You can test dbplyr translation using simulated database connections. For example:

library(dplyr)
library(dbplyr)

age=18:29
height=c(76.1,77,78.1,78.2,78.8,79.7,79.9,81.1,81.2,81.8,82.8,83.5)
gender=c("M","F","M","M","F","F","M","M","F","M","F","M")
testframe = data.frame(age=age,height=height,height2=height,gender=gender,gender2=gender)

remote_table = tbl_lazy(testframe , con = simulate_mssql()) # the simulation

remote_table %>%
  mutate(height3 = height2) %>%
  select(height, height2, height3) %>%
  show_query()

If this produces valid database code then you know that your dplyr commands are working as intended. But if this produces unexpected database commands (or R commands appear in the translation) then dbplyr has not been able to translate your instructions into the database language.
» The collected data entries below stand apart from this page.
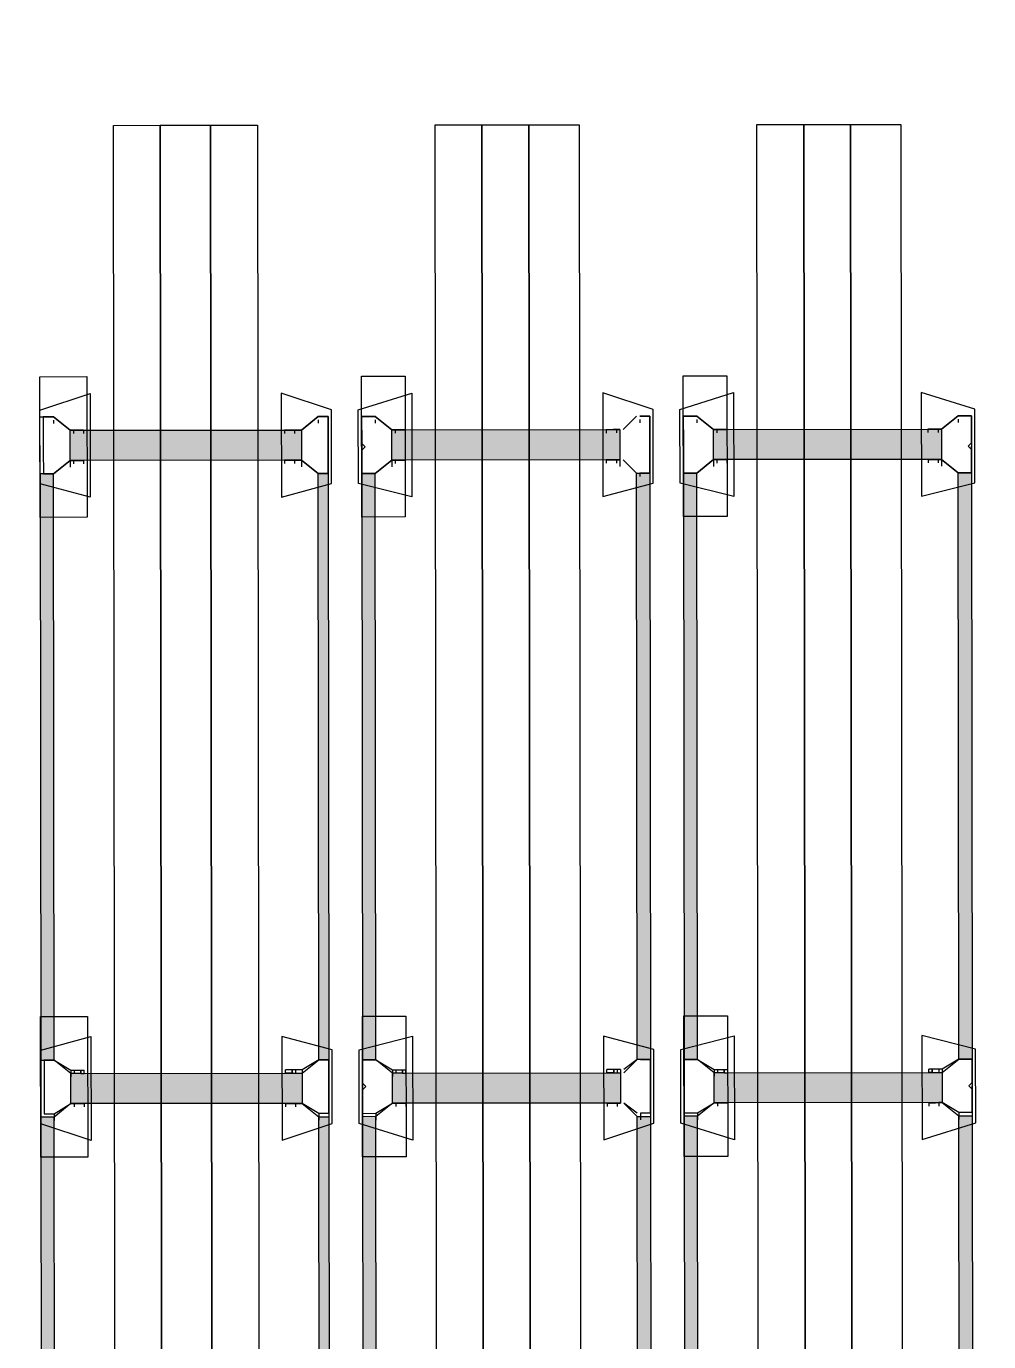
# Model space of a CAD drawing. Header units: feet. Extents: x -99009 to 3252343, y -11094690 to 9035152.
# Drawn here: x 2523581 to 2525079, y -1945439 to -1943391 of the extents above; entities that cross this region are included whole.
import ezdxf

# ---------------------------------------------------------------- set-up
doc = ezdxf.new("R2010")
doc.units = ezdxf.units.FT
doc.layers.add('1', color=1, linetype='Continuous')

# ---------------------------------------------------------------- blocks, each defined once
blk = doc.blocks.new('RM Stand 1')
at = {"transparency": 33554687}
for color, points in [(256, [(733127.3, -1127990.6), (734040.4, -1128011.4), (733127.3, -1128011.4)]), (256, [(733127.3, -1127990.6), (734040.4, -1127990.6), (734040.4, -1128011.4)]), (256, [(734129, -1127990.6), (735036.9, -1128011.4), (734129, -1128011.4)]), (256, [(734129, -1127990.6), (735036.9, -1127990.6), (735036.9, -1128011.4)]), (1, [(733106.4, -1128037.5), (733059.5, -1128392.3), (733059.5, -1128037.5)]), (1, [(733106.4, -1128037.5), (733106.4, -1128392.3), (733059.5, -1128392.3)]), (1, [(734108.2, -1128037.5), (734061.2, -1128392.3), (734061.2, -1128037.5)]), (1, [(734108.2, -1128037.5), (734108.2, -1128392.3), (734061.2, -1128392.3)]), (1, [(734108.2, -1128037.5), (734061.2, -1128392.3), (734061.2, -1128037.5)]), (1, [(734108.2, -1128037.5), (734108.2, -1128392.3), (734061.2, -1128392.3)]), (256, [(733127.3, -1128418.4), (734040.4, -1128439.3), (733127.3, -1128439.3)]), (256, [(733127.3, -1128418.4), (734040.4, -1128418.4), (734040.4, -1128439.3)]), (256, [(734129, -1128418.4), (735036.9, -1128439.3), (734129, -1128439.3)]), (256, [(734129, -1128418.4), (735036.9, -1128418.4), (735036.9, -1128439.3)]), (256, [(733127.3, -1128491.4), (734040.4, -1128512.3), (733127.3, -1128512.3)]), (256, [(733127.3, -1128491.4), (734040.4, -1128491.4), (734040.4, -1128512.3)]), (256, [(734129, -1128491.4), (735036.9, -1128512.3), (734129, -1128512.3)]), (256, [(734129, -1128491.4), (735036.9, -1128491.4), (735036.9, -1128512.3)]), (1, [(733106.4, -1128538.4), (733059.5, -1128893.2), (733059.5, -1128538.4)]), (1, [(733106.4, -1128538.4), (733106.4, -1128893.2), (733059.5, -1128893.2)]), (1, [(734108.2, -1128538.4), (734061.2, -1128893.2), (734061.2, -1128538.4)]), (1, [(734108.2, -1128538.4), (734108.2, -1128893.2), (734061.2, -1128893.2)]), (1, [(734108.2, -1128538.4), (734061.2, -1128893.2), (734061.2, -1128538.4)]), (1, [(734108.2, -1128538.4), (734108.2, -1128893.2), (734061.2, -1128893.2)]), (256, [(733127.3, -1128919.2), (734040.4, -1128940.1), (733127.3, -1128940.1)]), (256, [(733127.3, -1128919.2), (734040.4, -1128919.2), (734040.4, -1128940.1)]), (256, [(734129, -1128919.2), (735036.9, -1128940.1), (734129, -1128940.1)]), (256, [(734129, -1128919.2), (735036.9, -1128919.2), (735036.9, -1128940.1)]), (256, [(733127.3, -1128992.3), (734040.4, -1129007.9), (733127.3, -1129007.9)]), (256, [(733127.3, -1128992.3), (734040.4, -1128992.3), (734040.4, -1129007.9)]), (256, [(734129, -1128992.3), (735036.9, -1129007.9), (734129, -1129007.9)]), (256, [(734129, -1128992.3), (735036.9, -1128992.3), (735036.9, -1129007.9)]), (1, [(733106.4, -1129034), (733059.5, -1129394), (733059.5, -1129034)]), (1, [(733106.4, -1129034), (733106.4, -1129394), (733059.5, -1129394)]), (1, [(734108.2, -1129034), (734061.2, -1129394), (734061.2, -1129034)]), (1, [(734108.2, -1129034), (734108.2, -1129394), (734061.2, -1129394)]), (1, [(734108.2, -1129034), (734061.2, -1129394), (734061.2, -1129034)]), (1, [(734108.2, -1129034), (734108.2, -1129394), (734061.2, -1129394)]), (256, [(733127.3, -1129420.1), (734040.4, -1129441), (733127.3, -1129441)]), (256, [(733127.3, -1129420.1), (734040.4, -1129420.1), (734040.4, -1129441)]), (256, [(734129, -1129420.1), (735036.9, -1129441), (734129, -1129441)]), (256, [(734129, -1129420.1), (735036.9, -1129420.1), (735036.9, -1129441)])]:
    blk.add_hatch(color=color, dxfattribs=at).paths.add_polyline_path(points)
for points in [[(733028.2, -1127985.3), (733002.1, -1128068.8), (733163.8, -1128068.8), (733143, -1127985.3), (733028.2, -1127985.3)], [(733038.6, -1127990.6), (733127.3, -1127990.6)], [(733038.6, -1128011.4), (733038.6, -1127990.6), (733038.6, -1128011.4)], [(733038.6, -1127990.6), (733080.4, -1127990.6), (733038.6, -1127990.6)], [(733085.6, -1127995.8), (733080.4, -1127990.6), (733085.6, -1127990.6)], [(733085.6, -1127995.8), (733090.8, -1127990.6), (733085.6, -1127990.6)], [(733090.8, -1127990.6), (733127.3, -1127990.6), (733090.8, -1127990.6)], [(733127.3, -1127990.6), (734040.4, -1127990.6), (734040.4, -1128011.4), (733127.3, -1128011.4), (733127.3, -1127990.6)], [(733127.3, -1127990.6), (733127.3, -1128011.4), (733127.3, -1127990.6)], [(734024.7, -1127985.3), (734003.8, -1128068.8), (734165.6, -1128068.8), (734139.5, -1127985.3), (734024.7, -1127985.3)], [(734024.7, -1127985.3), (734003.8, -1128068.8), (734165.6, -1128068.8), (734139.5, -1127985.3), (734024.7, -1127985.3)], [(734040.4, -1127990.6), (734129, -1127990.6)], [(734040.4, -1128011.4), (734040.4, -1127990.6), (734040.4, -1128011.4)], [(734040.4, -1127990.6), (734076.9, -1127990.6), (734040.4, -1127990.6)], [(734040.4, -1127990.6), (734129, -1127990.6)], [(734040.4, -1128011.4), (734040.4, -1127990.6), (734040.4, -1128011.4)], [(734040.4, -1127990.6), (734076.9, -1127990.6), (734040.4, -1127990.6)], [(734082.1, -1127995.8), (734076.9, -1127990.6), (734082.1, -1127990.6)], [(734082.1, -1127995.8), (734076.9, -1127990.6), (734082.1, -1127990.6)], [(734082.1, -1127995.8), (734087.3, -1127990.6), (734082.1, -1127990.6)], [(734082.1, -1127995.8), (734087.3, -1127990.6), (734082.1, -1127990.6)], [(734123.8, -1127990.6), (734087.3, -1127990.6), (734129, -1127990.6)], [(734123.8, -1127990.6), (734087.3, -1127990.6), (734129, -1127990.6)], [(734123.8, -1127990.6), (734123.8, -1128011.4)], [(734123.8, -1127990.6), (734123.8, -1128011.4)], [(734129, -1127990.6), (735036.9, -1127990.6), (735036.9, -1128011.4), (734129, -1128011.4), (734129, -1127990.6)], [(734129, -1128011.4), (734129, -1127990.6)], [(734129, -1128011.4), (734129, -1127990.6)], [(733059.5, -1128037.5), (733038.6, -1128011.4), (733059.5, -1128037.5)], [(733043.8, -1128011.4), (733049, -1128011.4)], [(733127.3, -1128011.4), (733106.4, -1128037.5), (733127.3, -1128011.4)], [(734061.2, -1128037.5), (734040.4, -1128011.4), (734056, -1128037.5)], [(734061.2, -1128037.5), (734040.4, -1128011.4), (734056, -1128037.5)], [(734123.8, -1128011.4), (734108.2, -1128037.5), (734129, -1128011.4)], [(734123.8, -1128011.4), (734108.2, -1128037.5), (734129, -1128011.4)], [(734123.8, -1128011.4), (734129, -1128011.4)], [(734123.8, -1128011.4), (734129, -1128011.4)], [(734129, -1128011.4), (734134.3, -1128011.4)], [(734129, -1128011.4), (734134.3, -1128011.4)], [(733059.5, -1128042.7), (733059.5, -1128037.5), (733059.5, -1128042.7)], [(733106.4, -1128037.5), (733106.4, -1128392.3), (733059.5, -1128392.3), (733059.5, -1128037.5), (733106.4, -1128037.5)], [(733059.5, -1128053.2), (733059.5, -1128047.9), (733059.5, -1128042.7), (733059.5, -1128047.9), (733059.5, -1128053.2)], [(733059.5, -1128042.7), (733064.7, -1128042.7)], [(733059.5, -1128053.2), (733059.5, -1128058.4), (733059.5, -1128053.2)], [(733106.4, -1128037.5), (733111.7, -1128037.5)], [(733106.4, -1128037.5), (733106.4, -1128042.7), (733106.4, -1128037.5)], [(733106.4, -1128053.2), (733106.4, -1128047.9), (733106.4, -1128042.7), (733106.4, -1128047.9), (733106.4, -1128053.2)], [(733106.4, -1128042.7), (733111.7, -1128042.7)], [(733106.4, -1128042.7), (733111.7, -1128042.7)], [(733106.4, -1128053.2), (733106.4, -1128058.4), (733106.4, -1128053.2)], [(733111.7, -1128037.5), (733116.9, -1128037.5)], [(734056, -1128042.7), (734061.2, -1128042.7), (734061.2, -1128037.5)], [(734056, -1128037.5), (734056, -1128042.7)], [(734056, -1128037.5), (734061.2, -1128037.5)], [(734056, -1128042.7), (734061.2, -1128042.7), (734061.2, -1128037.5)], [(734056, -1128037.5), (734056, -1128042.7)], [(734056, -1128037.5), (734061.2, -1128037.5)], [(734056, -1128053.2), (734061.2, -1128053.2), (734061.2, -1128047.9), (734061.2, -1128042.7)], [(734056, -1128042.7), (734056, -1128047.9), (734056, -1128053.2)], [(734056, -1128042.7), (734061.2, -1128042.7)], [(734056, -1128053.2), (734061.2, -1128053.2), (734061.2, -1128047.9), (734061.2, -1128042.7)], [(734056, -1128042.7), (734056, -1128047.9), (734056, -1128053.2)], [(734056, -1128042.7), (734061.2, -1128042.7)], [(734061.2, -1128053.2), (734056, -1128053.2), (734056, -1128058.4)], [(734061.2, -1128053.2), (734061.2, -1128058.4), (734056, -1128058.4)], [(734061.2, -1128053.2), (734056, -1128053.2), (734056, -1128058.4)], [(734061.2, -1128053.2), (734061.2, -1128058.4), (734056, -1128058.4)], [(734061.2, -1128037.5), (734066.4, -1128037.5)], [(734108.2, -1128037.5), (734108.2, -1128392.3), (734061.2, -1128392.3), (734061.2, -1128037.5), (734108.2, -1128037.5)], [(734061.2, -1128037.5), (734066.4, -1128037.5)], [(734108.2, -1128037.5), (734108.2, -1128392.3), (734061.2, -1128392.3), (734061.2, -1128037.5), (734108.2, -1128037.5)], [(734108.2, -1128037.5), (734108.2, -1128042.7), (734108.2, -1128037.5)], [(734108.2, -1128037.5), (734108.2, -1128042.7), (734108.2, -1128037.5)], [(734108.2, -1128053.2), (734108.2, -1128047.9), (734108.2, -1128042.7), (734108.2, -1128047.9), (734108.2, -1128053.2)], [(734108.2, -1128042.7), (734113.4, -1128042.7)], [(734108.2, -1128042.7), (734113.4, -1128042.7)], [(734108.2, -1128053.2), (734108.2, -1128047.9), (734108.2, -1128042.7), (734108.2, -1128047.9), (734108.2, -1128053.2)], [(734108.2, -1128042.7), (734113.4, -1128042.7)], [(734108.2, -1128042.7), (734113.4, -1128042.7)], [(734108.2, -1128053.2), (734108.2, -1128058.4), (734108.2, -1128053.2)], [(734108.2, -1128053.2), (734108.2, -1128058.4), (734108.2, -1128053.2)], [(733059.5, -1128058.4), (733064.7, -1128058.4)], [(733106.4, -1128058.4), (733111.7, -1128058.4)], [(734108.2, -1128058.4), (734113.4, -1128058.4)], [(734108.2, -1128058.4), (734113.4, -1128058.4)], [(732584.7, -1128100.1), (738584.7, -1128100.1), (738584.7, -1128178.4), (732584.7, -1128178.4), (732584.7, -1128100.1)], [(732584.7, -1128178.4), (738584.7, -1128178.4), (738584.7, -1128251.4), (732584.7, -1128251.4), (732584.7, -1128178.4)], [(732584.7, -1128251.4), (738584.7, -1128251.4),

For this type of problem I might take an approach like the following:

all_column_names = colnames(remotetable)
num_cols = length(all_column_names)
is_dupe = rep(0, num_cols)

for(ii in 1:(num_cols - 1)){
  for(jj in 2:num_cols) {
    colA = all_column_names[ii]
    colB = all_column_names[jj]

    this_check = remotetable %>%
      mutate(compare = ifelse(!!sym(colA) == !!sym(colB), 1, 0)) %>%
      ungroup() %>%
      summarise(num = n(), matches = sum(compare)) %>%
      collect()

    if(this_check$num == this_check$matches)
      is_dupe[jj] = 1
  }
}

The idea is to iterate through all pairs of columns, and using basic dplyr commands check if every value is equal. If the number of equal values is equal to the total number of values then match the column as a duplicate. You can then use the output to select the non-duplicate columns.

Notes

  • !!sym(colA) takes the text stored inside that variable colA and turns it into a column name that dbplyr can handle.
  • collect() is the command to pull data from the database into local R memory. Only do this once you are confident that the data will fit in local memory.
Simon.S.A.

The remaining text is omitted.